• Directions for this task: Below is a listing to copy exactly; no image goes into the copy.

• Listed records:
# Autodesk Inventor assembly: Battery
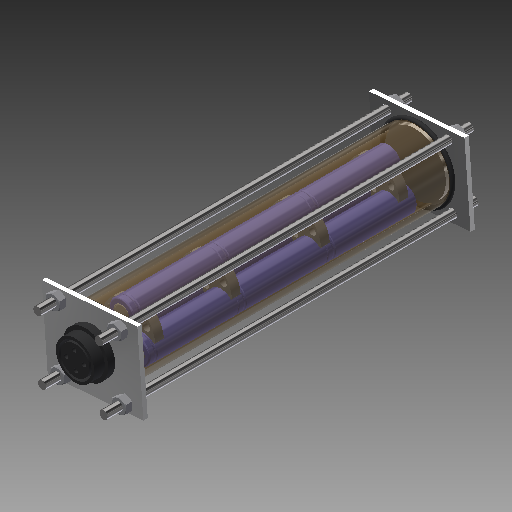
[picture p0: Inventor's stored thumbnail of the model, 512x512]
Saved by Autodesk Inventor 2018.1 (Build 221171000, 171)
## iProperties
Created: 2017-09-01
Part Number: Battery
Document SubType Name: Assembly
Designer: Kai
Author: Kai
## Documents named in this file (10)
- E:\robosub\Battery.iam
- E:\robosub\endcap1.ipt
- E:\robosub\polycarb_tube.ipt
- E:\robosub\gasket.ipt
- E:\robosub\18650.ipt
- E:\robosub\battery_holder.ipt
- E:\robosub\rod.ipt
- E:\robosub\endcap2.ipt
- E:\robosub\connector.ipt
- E:\robosub\6mm_nut.ipt
## Components (31 placed, 9 different names)
1. endcap1:1 — Mate:2, Mate:3, Mate:7, Mate:30, Mate:31, Mate:32, Mate:33, Mate:34, Flush:13, Flush:14, Flush:15, Mate:47, Mate:48, Mate:49, Mate:50
2. polycarb_tube:1 — Mate:2, Mate:3, Mate:4, Mate:6, Mate:29, Mate:35, Mate:36
3. gasket:1 — Mate:4, Mate:7
4. gasket:2 — Mate:6
5. 18650:1 — Mate:10, Flush:4, Mate:11, Flush:7, Mate:14, Mate:18
6. 18650:2 — Mate:9, Flush:5, Mate:12, Mate:13, Mate:17
7. 18650:3 — Mate:8, Flush:4, Flush:5, Flush:6, Mate:15, Mate:16, Mate:30
8. 18650:4 — Mate:15, Mate:16, Mate:23, Mate:24
9. 18650:5 — Mate:22, Mate:25
10. 18650:6 — Mate:23, Mate:24, Mate:28
11. 18650:7 — Mate:21, Mate:26, Flush:9, Mate:27
12. 18650:8 — Mate:14, Mate:18, Flush:8, Mate:20, Mate:21, Mate:26
13. 18650:9 — Mate:13, Mate:17, Mate:19, Mate:22, Mate:25
14. battery_holder:1 — Mate:11, Mate:12, Flush:7
15. battery_holder:2 — Mate:8, Mate:9, Mate:10, Flush:6, Mate:29
16. battery_holder:3 — Flush:8, Mate:19, Mate:20
17. battery_holder:4 — Flush:9, Mate:27, Mate:28
18. rod:1 — Mate:34, Flush:10, Mate:44, Mate:54
19. rod:2 — Mate:32, Flush:11, Mate:45, Mate:51
20. rod:3 — Mate:33, Flush:10, Flush:11, Flush:12, Flush:13, Mate:43, Mate:52
21. rod:4 — Mate:31, Flush:12, Mate:46, Mate:53
22. endcap2:1 — Mate:35, Mate:36, Flush:14, Flush:15, Mate:37, Mate:38, Mate:39, Mate:40, Mate:41, Mate:42
23. connector:1 — Mate:37, Mate:38
24. 6mm_nut:1 — Mate:41, Mate:43
25. 6mm_nut:2 — Mate:42, Mate:45
26. 6mm_nut:3 — Mate:40, Mate:46
27. 6mm_nut:4 — Mate:39, Mate:44
28. 6mm_nut:5 — Mate:47, Mate:51
29. 6mm_nut:6 — Mate:49, Mate:53
30. 6mm_nut:7 — Mate:48, Mate:52
31. 6mm_nut:8 — Mate:50, Mate:54
## Relationships (64: Mate 52, Flush 12)
- Mate:2: endcap1:1 ↔ polycarb_tube:1
- Mate:3: endcap1:1 ↔ polycarb_tube:1
- Mate:4: polycarb_tube:1 ↔ gasket:1
- Mate:6: polycarb_tube:1 ↔ gasket:2
- Mate:7: endcap1:1 ↔ gasket:1
- Mate:8: 18650:3 ↔ battery_holder:2
- Mate:9: 18650:2 ↔ battery_holder:2
- Mate:10: 18650:1 ↔ battery_holder:2
- Flush:4: 18650:1 ↔ 18650:3
- Flush:5: 18650:2 ↔ 18650:3
- Flush:6 (-5.08 mm): 18650:3 ↔ battery_holder:2
- Mate:11: 18650:1 ↔ battery_holder:1
- Mate:12: 18650:2 ↔ battery_holder:1
- Flush:7 (-3.81 mm): 18650:1 ↔ battery_holder:1
- Mate:13: 18650:2 ↔ 18650:9
- Mate:14: 18650:1 ↔ 18650:8
- Mate:15: 18650:3 ↔ 18650:4
- Mate:16: 18650:3 ↔ 18650:4
- Mate:17: 18650:2 ↔ 18650:9
- Mate:18: 18650:1 ↔ 18650:8
- Flush:8 (-3.81 mm): 18650:8 ↔ battery_holder:3
- Mate:19: 18650:9 ↔ battery_holder:3
- Mate:20: 18650:8 ↔ battery_holder:3
- Mate:21: 18650:7 ↔ 18650:8
- Mate:22: 18650:5 ↔ 18650:9
- Mate:23: 18650:4 ↔ 18650:6
- Mate:24: 18650:4 ↔ 18650:6
- Mate:25: 18650:5 ↔ 18650:9
- Mate:26: 18650:7 ↔ 18650:8
- Flush:9 (5.08 mm): 18650:7 ↔ battery_holder:4
- Mate:27: 18650:7 ↔ battery_holder:4
- Mate:28: 18650:6 ↔ battery_holder:4
- Mate:29: polycarb_tube:1 ↔ battery_holder:2
- Mate:30 (19.05 mm): endcap1:1 ↔ 18650:3
- Mate:31: endcap1:1 ↔ rod:4
- Mate:32: endcap1:1 ↔ rod:2
- Mate:33: endcap1:1 ↔ rod:3
- Mate:34: endcap1:1 ↔ rod:1
- Flush:10: rod:1 ↔ rod:3
- Flush:11: rod:2 ↔ rod:3
- Flush:12: rod:3 ↔ rod:4
- Flush:13 (-12.7 mm): endcap1:1 ↔ rod:3
- Mate:35: polycarb_tube:1 ↔ endcap2:1
- Mate:36: polycarb_tube:1 ↔ endcap2:1
- Flush:14: endcap1:1 ↔ endcap2:1
- Flush:15: endcap1:1 ↔ endcap2:1
- Mate:37: endcap2:1 ↔ connector:1
- Mate:38: endcap2:1 ↔ connector:1
- Mate:39: endcap2:1 ↔ 6mm_nut:4
- Mate:40: endcap2:1 ↔ 6mm_nut:3
- Mate:41: endcap2:1 ↔ 6mm_nut:1
- Mate:42: endcap2:1 ↔ 6mm_nut:2
- Mate:43: rod:3 ↔ 6mm_nut:1
- Mate:44: rod:1 ↔ 6mm_nut:4
- Mate:45: rod:2 ↔ 6mm_nut:2
- Mate:46: rod:4 ↔ 6mm_nut:3
- Mate:47: endcap1:1 ↔ 6mm_nut:5
- Mate:48: endcap1:1 ↔ 6mm_nut:7
- Mate:49: endcap1:1 ↔ 6mm_nut:6
- Mate:50: endcap1:1 ↔ 6mm_nut:8
- Mate:51: rod:2 ↔ 6mm_nut:5
- Mate:52: rod:3 ↔ 6mm_nut:7
- Mate:53: rod:4 ↔ 6mm_nut:6
- Mate:54: rod:1 ↔ 6mm_nut:8

• Result of the exercise:
# Autodesk Inventor assembly: Battery
[picture p0: Inventor's stored thumbnail of the model, 512x512]
Saved by Autodesk Inventor 2018.1 (Build 221171000, 171)
## iProperties
Created: 2017-09-01
Part Number: Battery
Document SubType Name: Assembly
Designer: Kai
Author: Kai
## Documents named in this file (10)
- E:\robosub\Battery.iam
- E:\robosub\endcap1.ipt
- E:\robosub\polycarb_tube.ipt
- E:\robosub\gasket.ipt
- E:\robosub\18650.ipt
- E:\robosub\battery_holder.ipt
- E:\robosub\rod.ipt
- E:\robosub\endcap2.ipt
- E:\robosub\connector.ipt
- E:\robosub\6mm_nut.ipt
## Components (31 placed, 9 different names)
1. endcap1:1 — Mate:2, Mate:3, Mate:7, Mate:30, Mate:31, Mate:32, Mate:33, Mate:34, Flush:13, Flush:14, Flush:15, Mate:47, Mate:48, Mate:49, Mate:50
2. polycarb_tube:1 — Mate:2, Mate:3, Mate:4, Mate:6, Mate:29, Mate:35, Mate:36
3. gasket:1 — Mate:4, Mate:7
4. gasket:2 — Mate:6
5. 18650:1 — Mate:10, Flush:4, Mate:11, Flush:7, Mate:14, Mate:18
6. 18650:2 — Mate:9, Flush:5, Mate:12, Mate:13, Mate:17
7. 18650:3 — Mate:8, Flush:4, Flush:5, Flush:6, Mate:15, Mate:16, Mate:30
8. 18650:4 — Mate:15, Mate:16, Mate:23, Mate:24
9. 18650:5 — Mate:22, Mate:25
10. 18650:6 — Mate:23, Mate:24, Mate:28
11. 18650:7 — Mate:21, Mate:26, Flush:9, Mate:27
12. 18650:8 — Mate:14, Mate:18, Flush:8, Mate:20, Mate:21, Mate:26
13. 18650:9 — Mate:13, Mate:17, Mate:19, Mate:22, Mate:25
14. battery_holder:1 — Mate:11, Mate:12, Flush:7
15. battery_holder:2 — Mate:8, Mate:9, Mate:10, Flush:6, Mate:29
16. battery_holder:3 — Flush:8, Mate:19, Mate:20
17. battery_holder:4 — Flush:9, Mate:27, Mate:28
18. rod:1 — Mate:34, Flush:10, Mate:44, Mate:54
19. rod:2 — Mate:32, Flush:11, Mate:45, Mate:51
20. rod:3 — Mate:33, Flush:10, Flush:11, Flush:12, Flush:13, Mate:43, Mate:52
21. rod:4 — Mate:31, Flush:12, Mate:46, Mate:53
22. endcap2:1 — Mate:35, Mate:36, Flush:14, Flush:15, Mate:37, Mate:38, Mate:39, Mate:40, Mate:41, Mate:42
23. connector:1 — Mate:37, Mate:38
24. 6mm_nut:1 — Mate:41, Mate:43
25. 6mm_nut:2 — Mate:42, Mate:45
26. 6mm_nut:3 — Mate:40, Mate:46
27. 6mm_nut:4 — Mate:39, Mate:44
28. 6mm_nut:5 — Mate:47, Mate:51
29. 6mm_nut:6 — Mate:49, Mate:53
30. 6mm_nut:7 — Mate:48, Mate:52
31. 6mm_nut:8 — Mate:50, Mate:54
## Relationships (64: Mate 52, Flush 12)
- Mate:2: endcap1:1 ↔ polycarb_tube:1
- Mate:3: endcap1:1 ↔ polycarb_tube:1
- Mate:4: polycarb_tube:1 ↔ gasket:1
- Mate:6: polycarb_tube:1 ↔ gasket:2
- Mate:7: endcap1:1 ↔ gasket:1
- Mate:8: 18650:3 ↔ battery_holder:2
- Mate:9: 18650:2 ↔ battery_holder:2
- Mate:10: 18650:1 ↔ battery_holder:2
- Flush:4: 18650:1 ↔ 18650:3
- Flush:5: 18650:2 ↔ 18650:3
- Flush:6 (-5.08 mm): 18650:3 ↔ battery_holder:2
- Mate:11: 18650:1 ↔ battery_holder:1
- Mate:12: 18650:2 ↔ battery_holder:1
- Flush:7 (-3.81 mm): 18650:1 ↔ battery_holder:1
- Mate:13: 18650:2 ↔ 18650:9
- Mate:14: 18650:1 ↔ 18650:8
- Mate:15: 18650:3 ↔ 18650:4
- Mate:16: 18650:3 ↔ 18650:4
- Mate:17: 18650:2 ↔ 18650:9
- Mate:18: 18650:1 ↔ 18650:8
- Flush:8 (-3.81 mm): 18650:8 ↔ battery_holder:3
- Mate:19: 18650:9 ↔ battery_holder:3
- Mate:20: 18650:8 ↔ battery_holder:3
- Mate:21: 18650:7 ↔ 18650:8
- Mate:22: 18650:5 ↔ 18650:9
- Mate:23: 18650:4 ↔ 18650:6
- Mate:24: 18650:4 ↔ 18650:6
- Mate:25: 18650:5 ↔ 18650:9
- Mate:26: 18650:7 ↔ 18650:8
- Flush:9 (5.08 mm): 18650:7 ↔ battery_holder:4
- Mate:27: 18650:7 ↔ battery_holder:4
- Mate:28: 18650:6 ↔ battery_holder:4
- Mate:29: polycarb_tube:1 ↔ battery_holder:2
- Mate:30 (19.05 mm): endcap1:1 ↔ 18650:3
- Mate:31: endcap1:1 ↔ rod:4
- Mate:32: endcap1:1 ↔ rod:2
- Mate:33: endcap1:1 ↔ rod:3
- Mate:34: endcap1:1 ↔ rod:1
- Flush:10: rod:1 ↔ rod:3
- Flush:11: rod:2 ↔ rod:3
- Flush:12: rod:3 ↔ rod:4
- Flush:13 (-12.7 mm): endcap1:1 ↔ rod:3
- Mate:35: polycarb_tube:1 ↔ endcap2:1
- Mate:36: polycarb_tube:1 ↔ endcap2:1
- Flush:14: endcap1:1 ↔ endcap2:1
- Flush:15: endcap1:1 ↔ endcap2:1
- Mate:37: endcap2:1 ↔ connector:1
- Mate:38: endcap2:1 ↔ connector:1
- Mate:39: endcap2:1 ↔ 6mm_nut:4
- Mate:40: endcap2:1 ↔ 6mm_nut:3
- Mate:41: endcap2:1 ↔ 6mm_nut:1
- Mate:42: endcap2:1 ↔ 6mm_nut:2
- Mate:43: rod:3 ↔ 6mm_nut:1
- Mate:44: rod:1 ↔ 6mm_nut:4
- Mate:45: rod:2 ↔ 6mm_nut:2
- Mate:46: rod:4 ↔ 6mm_nut:3
- Mate:47: endcap1:1 ↔ 6mm_nut:5
- Mate:48: endcap1:1 ↔ 6mm_nut:7
- Mate:49: endcap1:1 ↔ 6mm_nut:6
- Mate:50: endcap1:1 ↔ 6mm_nut:8
- Mate:51: rod:2 ↔ 6mm_nut:5
- Mate:52: rod:3 ↔ 6mm_nut:7
- Mate:53: rod:4 ↔ 6mm_nut:6
- Mate:54: rod:1 ↔ 6mm_nut:8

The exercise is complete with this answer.